One steamy afternoon in April, we decided to venture out into the city to put our skills to use. Our lessons had gotten a little stale, and we were hungry for a more practical application of the language. The three of us piled into Carla’s Jeep Wrangler and headed to Houston’s Northside, then strolled the crowded aisles at la pulga, a bustling open-air flea market where English is rarely heard. Together we walked the length of the market, shopping the stalls and making polite but hesitant conversation with the shopkeepers. I bought a papaya from a fruit vendor and surprised myself with my ability to ask questions about its ripeness. After a while, I separated from Carla and Tomás, curious how well I would fare without their support. Lost in a maze of secondhand tennis shoes and sport coats, I paused and listened to the voices around me: haggling shoppers, children laughing and calling out to their parents, a shopkeeper singing a sad love song from the steps of his music shop. For a moment, I allowed myself to hear all of them, their voices pulsating with a beautiful and frenetic energy, and I felt an intimacy with the language that I’d never known. Maybe I’d never be fluent, but I’d discovered a love for Spanish. For now, that was enough.
After a couple of hours, we got back into Carla’s Jeep and headed home, Selena’s Amor Prohibido entertaining us through rush-hour traffic on Interstate 45. As the bass of “El Chico del Apartamento 512” thumped the windows, Tomás shouted his disbelief that Selena had struggled with Spanish too. The language seemed to flow so effortlessly when she sang; it was hard to believe she’d been raised in an English-speaking home. The Tejana singer often fumbled when speaking Spanish in interviews, and some Mexican fans even criticized the impurity of her accent. It was a shame we knew all too well.

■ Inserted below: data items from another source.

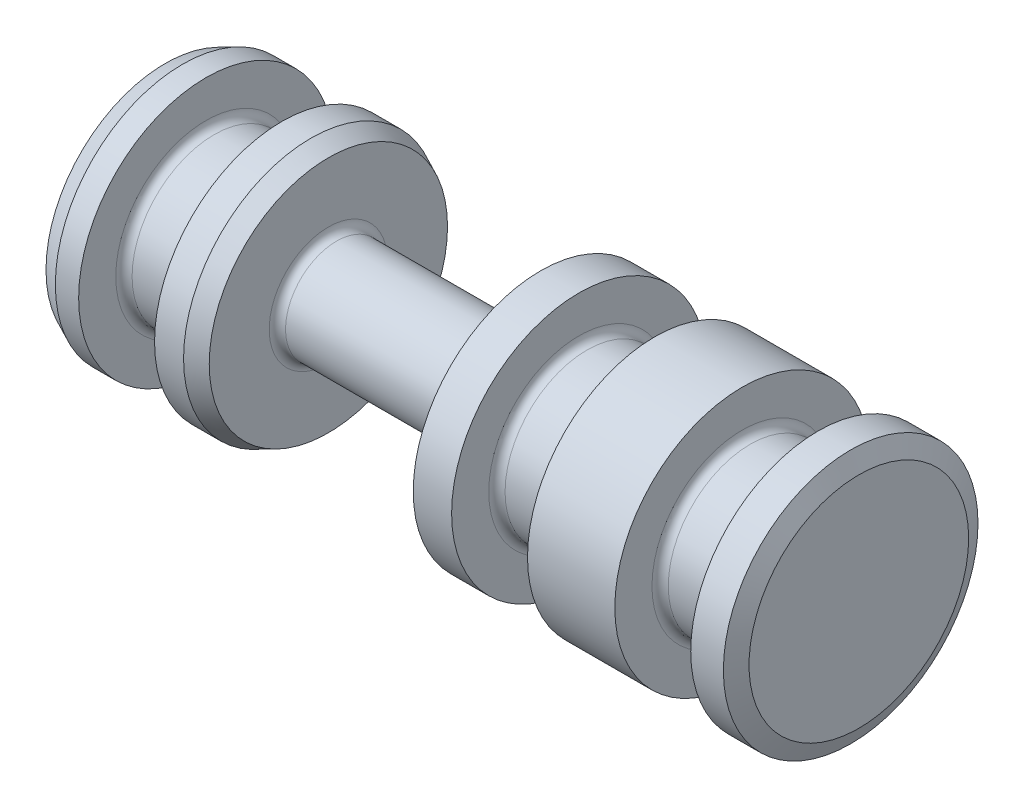
SolidWorks part; units mm, degrees
ref_plane "Front Plane" through (0, 0, 0) normal (0, 0, 1) x (1, 0, 0)
ref_plane "Top Plane" through (0, 0, 0) normal (0, 1, 0) x (1, 0, 0)
ref_plane "Right Plane" through (0, 0, 0) normal (1, 0, 0) x (0, 0, -1)
sketch "Sketch1" plane through (0, 0, 0) normal (1, 0, 0) x (0, 0, -1)
  circle A0 centre (0, 0) radius 3.9624
  dimension "D1" = 7.9248
extrude "Boss-Extrude1" add sketch "Sketch1" along normal blind 21.59
sketch "Sketch2" plane through (0, 0, 0) normal (0, 0, 1) x (1, 0, 0)
  line L0 (-1.6174, 0) -> (23.3579, 0) construction
  line L1 (1.27, 3.9624) -> (3.6322, 3.9624)
  line L2 (3.6322, 3.9624) -> (3.6322, 2.5527)
  line L3 (3.6322, 2.5527) -> (1.27, 2.5527)
  line L4 (1.27, 2.5527) -> (1.27, 3.9624)
  line L5 (0, 3.9624) -> (0, -3.9624) construction
  line L6 (16.51, 5.6982) -> (16.51, -5.5364) construction
  line L7 (21.59, -3.9624) -> (21.59, 3.9624) construction
  line L8 (17.9578, 3.9624) -> (20.32, 3.9624)
  line L9 (20.32, 3.9624) -> (20.32, 2.5527)
  line L10 (20.32, 2.5527) -> (17.9578, 2.5527)
  line L11 (17.9578, 2.5527) -> (17.9578, 3.9624)
  line L12 (12.8778, 3.9624) -> (15.24, 3.9624)
  line L13 (15.24, 3.9624) -> (15.24, 2.5527)
  line L14 (15.24, 2.5527) -> (12.8778, 2.5527)
  line L15 (12.8778, 2.5527) -> (12.8778, 3.9624)
  line L17 (5.08, 3.9624) -> (11.43, 3.9624)
  line L18 (5.08, 3.9624) -> (5.08, 1.5875)
  line L19 (5.08, 1.5875) -> (11.43, 1.5875)
  line L20 (11.43, 3.9624) -> (11.43, 1.5875)
  dimension "D1" = 7.9248
  dimension "D2" = 5.1054
  dimension "D3" = 2.3622
  dimension "D4" = 1.27
  dimension "D5" = 5.08
  dimension "D6" = 1.27
  dimension "D7" = 6.35
  dimension "D8" = 5.08
  dimension "D9" = 10.16
  dimension "D10" = 3.175
revolve "Cut-Revolve1" cut sketch "Sketch2" angle 360 about L0
fillet "Fillet1" radius 0.254 8 edges at (20.32, 0, 2.5527) (17.9578, 0, 2.5527) (15.24, 0, 2.5527) (12.8778, 0, 2.5527) (11.43, 0, 1.5875) (5.08, 0, 1.5875) (3.6322, 0, 2.5527) (1.27, 0, 2.5527)
chamfer "Chamfer1" distance 0.254 angle 65 4 edges at (21.59, 0, -3.9624) (11.43, 0, 3.9624) (5.08, 0, 3.9624) (0, 0, -3.9624) first distance on face at (21.59, 0, -3.9624) first distance on face at (11.43, 0, 3.9624) first distance on face at (5.08, 0, -1.8415) first distance on face at (0, 0, -3.9624)

“Selena was a pocha like us!” Carla called from the front seat as she shifted lanes to avoid a road closure. But if Selena was raised in English and could learn to sing like that, well, maybe there was hope for all of us. “I’d like to think she would fit in with our group pretty well,” Carla said, smiling at me. As the electric piano ushered in the song’s infectious chorus, she looked back at Tomás, laughed, and turned the volume up louder.